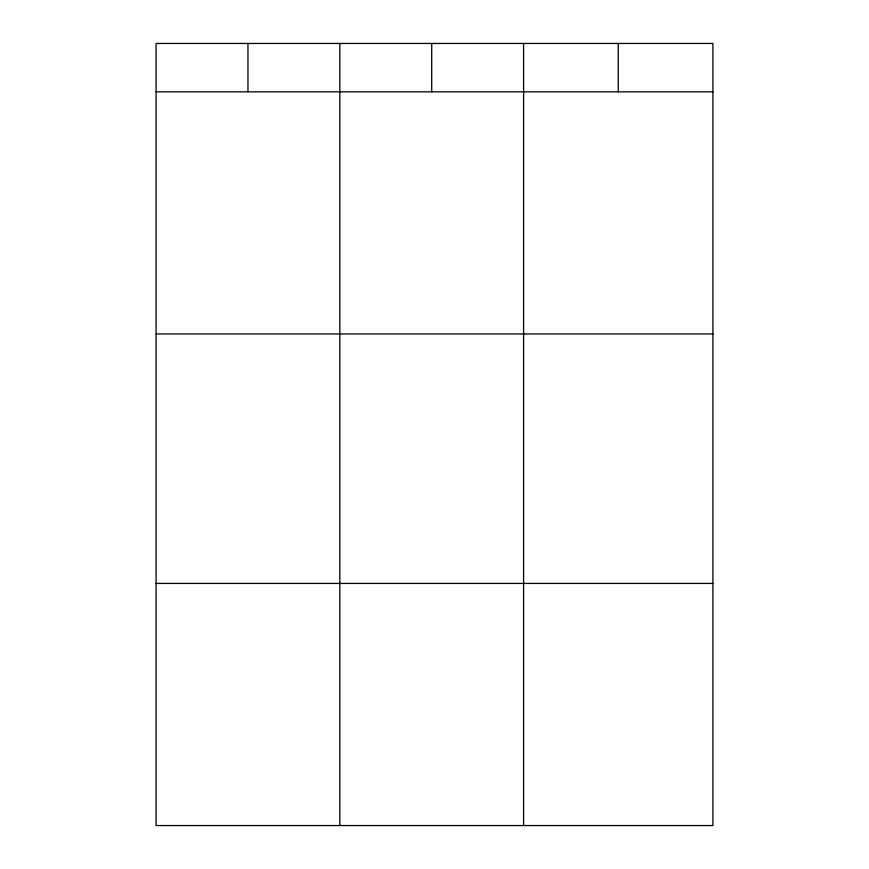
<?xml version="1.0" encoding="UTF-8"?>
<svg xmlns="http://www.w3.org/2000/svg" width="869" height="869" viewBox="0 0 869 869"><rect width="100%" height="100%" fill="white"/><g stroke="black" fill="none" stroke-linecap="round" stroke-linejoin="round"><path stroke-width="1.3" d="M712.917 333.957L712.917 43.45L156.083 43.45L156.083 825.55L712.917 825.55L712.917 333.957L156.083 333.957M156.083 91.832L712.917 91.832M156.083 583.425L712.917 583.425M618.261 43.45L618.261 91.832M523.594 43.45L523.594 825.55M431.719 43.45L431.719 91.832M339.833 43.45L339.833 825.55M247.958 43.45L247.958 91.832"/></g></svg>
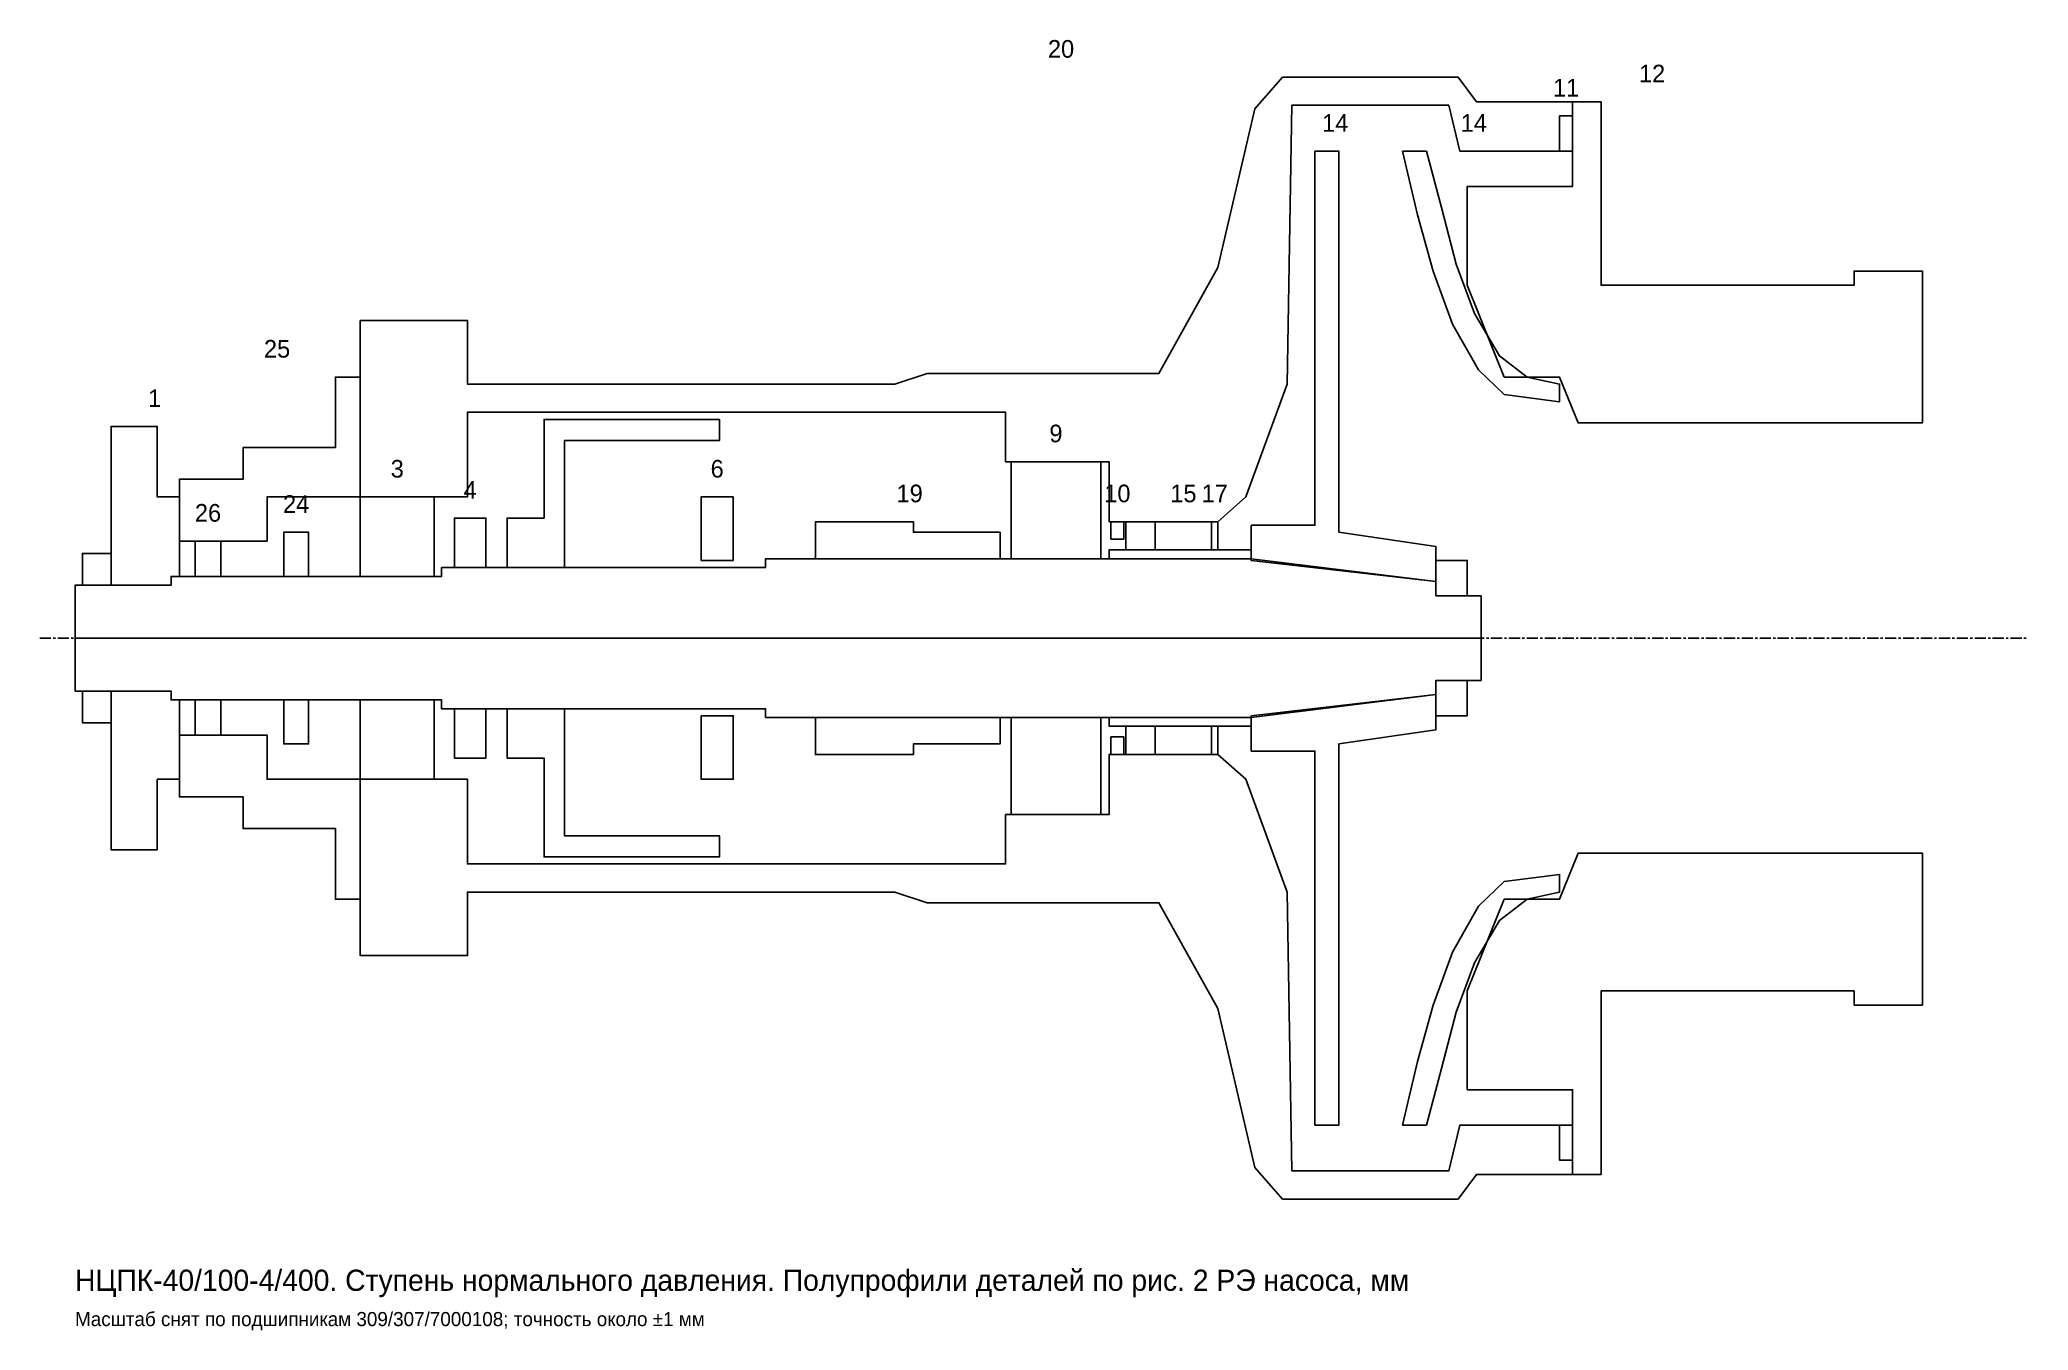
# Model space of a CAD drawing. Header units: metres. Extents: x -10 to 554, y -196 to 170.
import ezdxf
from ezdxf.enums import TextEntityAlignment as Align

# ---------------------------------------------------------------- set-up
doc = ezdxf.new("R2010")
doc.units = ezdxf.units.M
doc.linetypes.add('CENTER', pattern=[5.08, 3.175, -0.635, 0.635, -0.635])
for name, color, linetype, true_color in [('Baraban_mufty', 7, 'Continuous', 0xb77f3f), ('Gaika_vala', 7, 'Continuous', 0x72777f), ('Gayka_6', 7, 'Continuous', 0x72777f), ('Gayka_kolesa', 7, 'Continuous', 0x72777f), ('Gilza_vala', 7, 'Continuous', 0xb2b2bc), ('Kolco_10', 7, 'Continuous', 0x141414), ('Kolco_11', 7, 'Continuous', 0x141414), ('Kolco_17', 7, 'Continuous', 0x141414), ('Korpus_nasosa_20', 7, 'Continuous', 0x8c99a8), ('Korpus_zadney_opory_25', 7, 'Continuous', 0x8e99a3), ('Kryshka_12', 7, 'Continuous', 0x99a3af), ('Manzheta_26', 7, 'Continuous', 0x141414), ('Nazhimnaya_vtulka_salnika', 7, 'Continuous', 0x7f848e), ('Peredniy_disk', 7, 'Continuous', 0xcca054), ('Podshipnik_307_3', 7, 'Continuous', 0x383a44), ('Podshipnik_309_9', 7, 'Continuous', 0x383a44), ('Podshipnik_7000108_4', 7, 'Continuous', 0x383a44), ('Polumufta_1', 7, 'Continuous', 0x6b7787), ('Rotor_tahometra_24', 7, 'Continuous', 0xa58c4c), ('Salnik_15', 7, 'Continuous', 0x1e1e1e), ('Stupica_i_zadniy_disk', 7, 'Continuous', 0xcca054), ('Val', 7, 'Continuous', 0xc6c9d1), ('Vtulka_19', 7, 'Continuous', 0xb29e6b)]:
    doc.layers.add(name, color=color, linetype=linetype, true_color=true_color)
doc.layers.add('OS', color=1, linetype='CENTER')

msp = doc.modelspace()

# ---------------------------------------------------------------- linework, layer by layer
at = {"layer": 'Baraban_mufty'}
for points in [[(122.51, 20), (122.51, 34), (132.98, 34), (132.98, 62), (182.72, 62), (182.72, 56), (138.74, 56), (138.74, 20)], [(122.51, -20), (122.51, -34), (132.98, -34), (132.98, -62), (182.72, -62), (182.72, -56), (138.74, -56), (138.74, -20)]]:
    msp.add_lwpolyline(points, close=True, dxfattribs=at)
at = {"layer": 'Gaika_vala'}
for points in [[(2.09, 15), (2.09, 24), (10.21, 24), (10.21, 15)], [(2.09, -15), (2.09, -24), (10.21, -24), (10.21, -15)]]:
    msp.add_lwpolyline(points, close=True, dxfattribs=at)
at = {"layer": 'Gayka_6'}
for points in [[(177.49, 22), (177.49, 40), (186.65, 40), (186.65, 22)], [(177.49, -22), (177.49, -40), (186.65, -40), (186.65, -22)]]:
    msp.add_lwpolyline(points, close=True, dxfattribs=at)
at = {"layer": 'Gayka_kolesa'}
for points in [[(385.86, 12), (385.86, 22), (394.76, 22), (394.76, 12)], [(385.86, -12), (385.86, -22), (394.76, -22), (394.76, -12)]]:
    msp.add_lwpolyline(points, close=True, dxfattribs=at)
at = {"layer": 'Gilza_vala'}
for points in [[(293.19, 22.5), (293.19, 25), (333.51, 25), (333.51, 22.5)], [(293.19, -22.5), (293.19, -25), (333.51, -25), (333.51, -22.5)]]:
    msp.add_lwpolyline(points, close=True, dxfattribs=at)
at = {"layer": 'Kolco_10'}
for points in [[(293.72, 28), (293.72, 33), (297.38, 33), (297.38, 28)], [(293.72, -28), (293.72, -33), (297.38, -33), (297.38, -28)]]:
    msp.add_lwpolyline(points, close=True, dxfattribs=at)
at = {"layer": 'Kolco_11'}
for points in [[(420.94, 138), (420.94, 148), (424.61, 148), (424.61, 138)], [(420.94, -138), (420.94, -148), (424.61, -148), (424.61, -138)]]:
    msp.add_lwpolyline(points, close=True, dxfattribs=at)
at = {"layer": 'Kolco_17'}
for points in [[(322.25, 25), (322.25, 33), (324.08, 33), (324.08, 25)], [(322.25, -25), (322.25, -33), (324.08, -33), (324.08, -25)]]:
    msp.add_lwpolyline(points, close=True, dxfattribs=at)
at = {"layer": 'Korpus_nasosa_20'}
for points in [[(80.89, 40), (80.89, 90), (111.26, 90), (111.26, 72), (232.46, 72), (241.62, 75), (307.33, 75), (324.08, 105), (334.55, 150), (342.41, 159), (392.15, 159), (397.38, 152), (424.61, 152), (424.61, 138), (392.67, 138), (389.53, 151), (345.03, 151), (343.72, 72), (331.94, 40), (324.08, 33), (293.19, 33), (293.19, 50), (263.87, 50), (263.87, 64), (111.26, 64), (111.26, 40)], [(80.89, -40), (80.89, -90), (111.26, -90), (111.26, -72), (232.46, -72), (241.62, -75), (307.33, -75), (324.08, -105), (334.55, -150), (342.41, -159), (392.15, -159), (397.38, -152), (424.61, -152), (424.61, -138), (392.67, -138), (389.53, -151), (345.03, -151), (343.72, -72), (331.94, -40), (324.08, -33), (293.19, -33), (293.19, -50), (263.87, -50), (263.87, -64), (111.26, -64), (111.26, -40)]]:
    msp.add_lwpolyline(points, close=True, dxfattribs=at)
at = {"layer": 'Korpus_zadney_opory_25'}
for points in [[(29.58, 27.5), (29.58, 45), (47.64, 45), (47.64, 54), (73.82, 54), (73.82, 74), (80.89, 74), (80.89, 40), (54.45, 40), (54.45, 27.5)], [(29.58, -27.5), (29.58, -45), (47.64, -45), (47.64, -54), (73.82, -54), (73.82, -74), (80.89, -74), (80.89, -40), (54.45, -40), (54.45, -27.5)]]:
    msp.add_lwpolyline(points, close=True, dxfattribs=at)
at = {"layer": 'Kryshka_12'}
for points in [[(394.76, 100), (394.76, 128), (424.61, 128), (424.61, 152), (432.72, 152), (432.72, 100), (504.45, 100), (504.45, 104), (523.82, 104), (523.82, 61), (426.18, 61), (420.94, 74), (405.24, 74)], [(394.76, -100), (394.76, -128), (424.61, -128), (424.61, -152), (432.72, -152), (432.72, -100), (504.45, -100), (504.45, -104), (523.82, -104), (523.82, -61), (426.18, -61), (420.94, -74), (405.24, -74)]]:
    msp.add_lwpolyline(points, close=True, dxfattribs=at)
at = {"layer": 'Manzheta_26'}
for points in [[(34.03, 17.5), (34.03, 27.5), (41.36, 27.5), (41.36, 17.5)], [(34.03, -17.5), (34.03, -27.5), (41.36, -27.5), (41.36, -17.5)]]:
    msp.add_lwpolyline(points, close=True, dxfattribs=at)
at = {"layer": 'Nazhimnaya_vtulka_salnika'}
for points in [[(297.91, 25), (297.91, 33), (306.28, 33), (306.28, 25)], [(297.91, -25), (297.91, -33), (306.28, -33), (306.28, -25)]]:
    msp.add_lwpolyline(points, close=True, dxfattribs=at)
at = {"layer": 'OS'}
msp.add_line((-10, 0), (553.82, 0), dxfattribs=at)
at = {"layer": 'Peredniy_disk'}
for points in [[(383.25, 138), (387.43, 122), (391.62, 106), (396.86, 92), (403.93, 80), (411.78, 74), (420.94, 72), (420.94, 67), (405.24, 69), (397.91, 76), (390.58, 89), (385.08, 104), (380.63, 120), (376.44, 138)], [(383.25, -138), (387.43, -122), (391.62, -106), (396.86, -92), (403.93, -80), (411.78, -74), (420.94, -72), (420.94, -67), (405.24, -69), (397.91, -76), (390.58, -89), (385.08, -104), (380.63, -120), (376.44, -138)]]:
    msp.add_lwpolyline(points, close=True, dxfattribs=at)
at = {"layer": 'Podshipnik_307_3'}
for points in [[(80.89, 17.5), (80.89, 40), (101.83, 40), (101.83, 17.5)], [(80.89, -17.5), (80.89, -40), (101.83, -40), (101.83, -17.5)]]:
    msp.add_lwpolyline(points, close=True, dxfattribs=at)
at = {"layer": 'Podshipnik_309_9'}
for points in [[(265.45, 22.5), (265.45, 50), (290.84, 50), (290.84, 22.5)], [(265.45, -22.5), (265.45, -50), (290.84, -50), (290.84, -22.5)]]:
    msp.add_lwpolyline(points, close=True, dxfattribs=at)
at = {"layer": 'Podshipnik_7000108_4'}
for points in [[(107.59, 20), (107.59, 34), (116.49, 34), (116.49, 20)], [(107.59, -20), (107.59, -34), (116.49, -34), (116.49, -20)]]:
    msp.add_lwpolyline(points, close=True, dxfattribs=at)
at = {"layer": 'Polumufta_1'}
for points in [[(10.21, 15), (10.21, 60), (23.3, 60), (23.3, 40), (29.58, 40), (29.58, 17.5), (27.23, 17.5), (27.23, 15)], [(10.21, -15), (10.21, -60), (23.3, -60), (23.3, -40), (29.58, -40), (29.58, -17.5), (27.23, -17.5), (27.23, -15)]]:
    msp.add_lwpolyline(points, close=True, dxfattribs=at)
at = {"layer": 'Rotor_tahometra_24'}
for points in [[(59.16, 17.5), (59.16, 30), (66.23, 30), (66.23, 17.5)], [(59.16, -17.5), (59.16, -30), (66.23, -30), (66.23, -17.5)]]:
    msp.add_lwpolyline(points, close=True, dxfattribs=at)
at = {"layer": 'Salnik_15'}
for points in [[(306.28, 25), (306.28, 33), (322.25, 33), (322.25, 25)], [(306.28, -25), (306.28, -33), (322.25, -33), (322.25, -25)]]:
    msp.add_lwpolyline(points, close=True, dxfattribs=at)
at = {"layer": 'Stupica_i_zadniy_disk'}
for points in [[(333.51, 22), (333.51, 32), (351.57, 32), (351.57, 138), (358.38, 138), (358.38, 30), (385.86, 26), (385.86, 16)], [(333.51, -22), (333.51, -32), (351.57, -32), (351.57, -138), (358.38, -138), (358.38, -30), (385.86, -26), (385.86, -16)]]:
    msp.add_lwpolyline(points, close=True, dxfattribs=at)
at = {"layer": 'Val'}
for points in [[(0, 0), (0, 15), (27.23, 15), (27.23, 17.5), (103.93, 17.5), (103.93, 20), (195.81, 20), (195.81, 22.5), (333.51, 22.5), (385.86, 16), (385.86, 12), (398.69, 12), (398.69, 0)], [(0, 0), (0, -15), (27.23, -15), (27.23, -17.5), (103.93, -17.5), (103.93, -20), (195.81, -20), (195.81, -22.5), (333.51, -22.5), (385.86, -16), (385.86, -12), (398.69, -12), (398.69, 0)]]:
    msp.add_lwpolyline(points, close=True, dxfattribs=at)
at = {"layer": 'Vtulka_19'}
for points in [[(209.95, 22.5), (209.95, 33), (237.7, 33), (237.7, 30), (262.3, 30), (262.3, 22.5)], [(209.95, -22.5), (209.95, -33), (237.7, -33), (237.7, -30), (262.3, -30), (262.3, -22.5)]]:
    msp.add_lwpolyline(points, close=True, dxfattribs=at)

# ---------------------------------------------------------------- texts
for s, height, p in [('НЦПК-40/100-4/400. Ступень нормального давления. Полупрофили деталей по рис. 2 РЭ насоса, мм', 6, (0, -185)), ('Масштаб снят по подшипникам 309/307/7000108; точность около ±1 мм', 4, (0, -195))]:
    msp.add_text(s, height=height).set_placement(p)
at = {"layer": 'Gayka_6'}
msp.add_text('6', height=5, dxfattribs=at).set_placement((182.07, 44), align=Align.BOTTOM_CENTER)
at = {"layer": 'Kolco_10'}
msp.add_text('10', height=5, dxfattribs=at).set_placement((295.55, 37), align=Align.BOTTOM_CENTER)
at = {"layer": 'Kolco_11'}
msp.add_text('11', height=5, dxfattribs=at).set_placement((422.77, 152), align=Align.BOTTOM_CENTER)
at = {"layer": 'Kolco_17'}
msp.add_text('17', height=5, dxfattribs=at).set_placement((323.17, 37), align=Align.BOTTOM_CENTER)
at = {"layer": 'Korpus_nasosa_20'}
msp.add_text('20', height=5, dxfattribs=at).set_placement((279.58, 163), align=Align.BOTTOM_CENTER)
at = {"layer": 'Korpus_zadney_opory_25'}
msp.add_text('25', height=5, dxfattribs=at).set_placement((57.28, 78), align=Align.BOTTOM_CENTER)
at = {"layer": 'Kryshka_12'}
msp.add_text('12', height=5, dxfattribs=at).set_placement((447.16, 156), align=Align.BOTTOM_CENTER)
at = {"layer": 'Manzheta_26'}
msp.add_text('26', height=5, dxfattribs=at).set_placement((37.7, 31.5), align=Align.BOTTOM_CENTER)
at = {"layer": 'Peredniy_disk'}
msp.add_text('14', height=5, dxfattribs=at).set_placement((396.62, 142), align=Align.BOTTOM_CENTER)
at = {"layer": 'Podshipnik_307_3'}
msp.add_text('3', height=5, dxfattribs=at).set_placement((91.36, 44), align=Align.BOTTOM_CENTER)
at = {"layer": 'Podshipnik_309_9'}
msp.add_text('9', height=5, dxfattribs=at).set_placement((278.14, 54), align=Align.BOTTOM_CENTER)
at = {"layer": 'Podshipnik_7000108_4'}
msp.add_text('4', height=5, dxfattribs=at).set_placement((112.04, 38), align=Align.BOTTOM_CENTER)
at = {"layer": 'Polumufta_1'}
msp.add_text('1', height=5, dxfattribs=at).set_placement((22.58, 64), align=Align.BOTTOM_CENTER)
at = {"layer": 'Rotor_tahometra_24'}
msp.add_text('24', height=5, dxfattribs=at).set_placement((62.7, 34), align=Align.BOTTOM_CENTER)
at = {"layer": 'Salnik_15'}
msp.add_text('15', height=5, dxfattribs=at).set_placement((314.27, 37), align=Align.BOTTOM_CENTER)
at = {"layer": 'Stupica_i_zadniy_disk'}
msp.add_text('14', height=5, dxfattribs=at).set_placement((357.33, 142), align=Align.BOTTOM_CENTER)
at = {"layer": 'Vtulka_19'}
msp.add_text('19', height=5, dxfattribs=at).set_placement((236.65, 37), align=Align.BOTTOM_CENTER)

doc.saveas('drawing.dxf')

::::

| What to produce |
Could you copy every line from the records that has "units" in it?

| Solution to the exercise |
# Model space of a CAD drawing. Header units: metres. Extents: x -10 to 554, y -196 to 170.
doc.units = ezdxf.units.M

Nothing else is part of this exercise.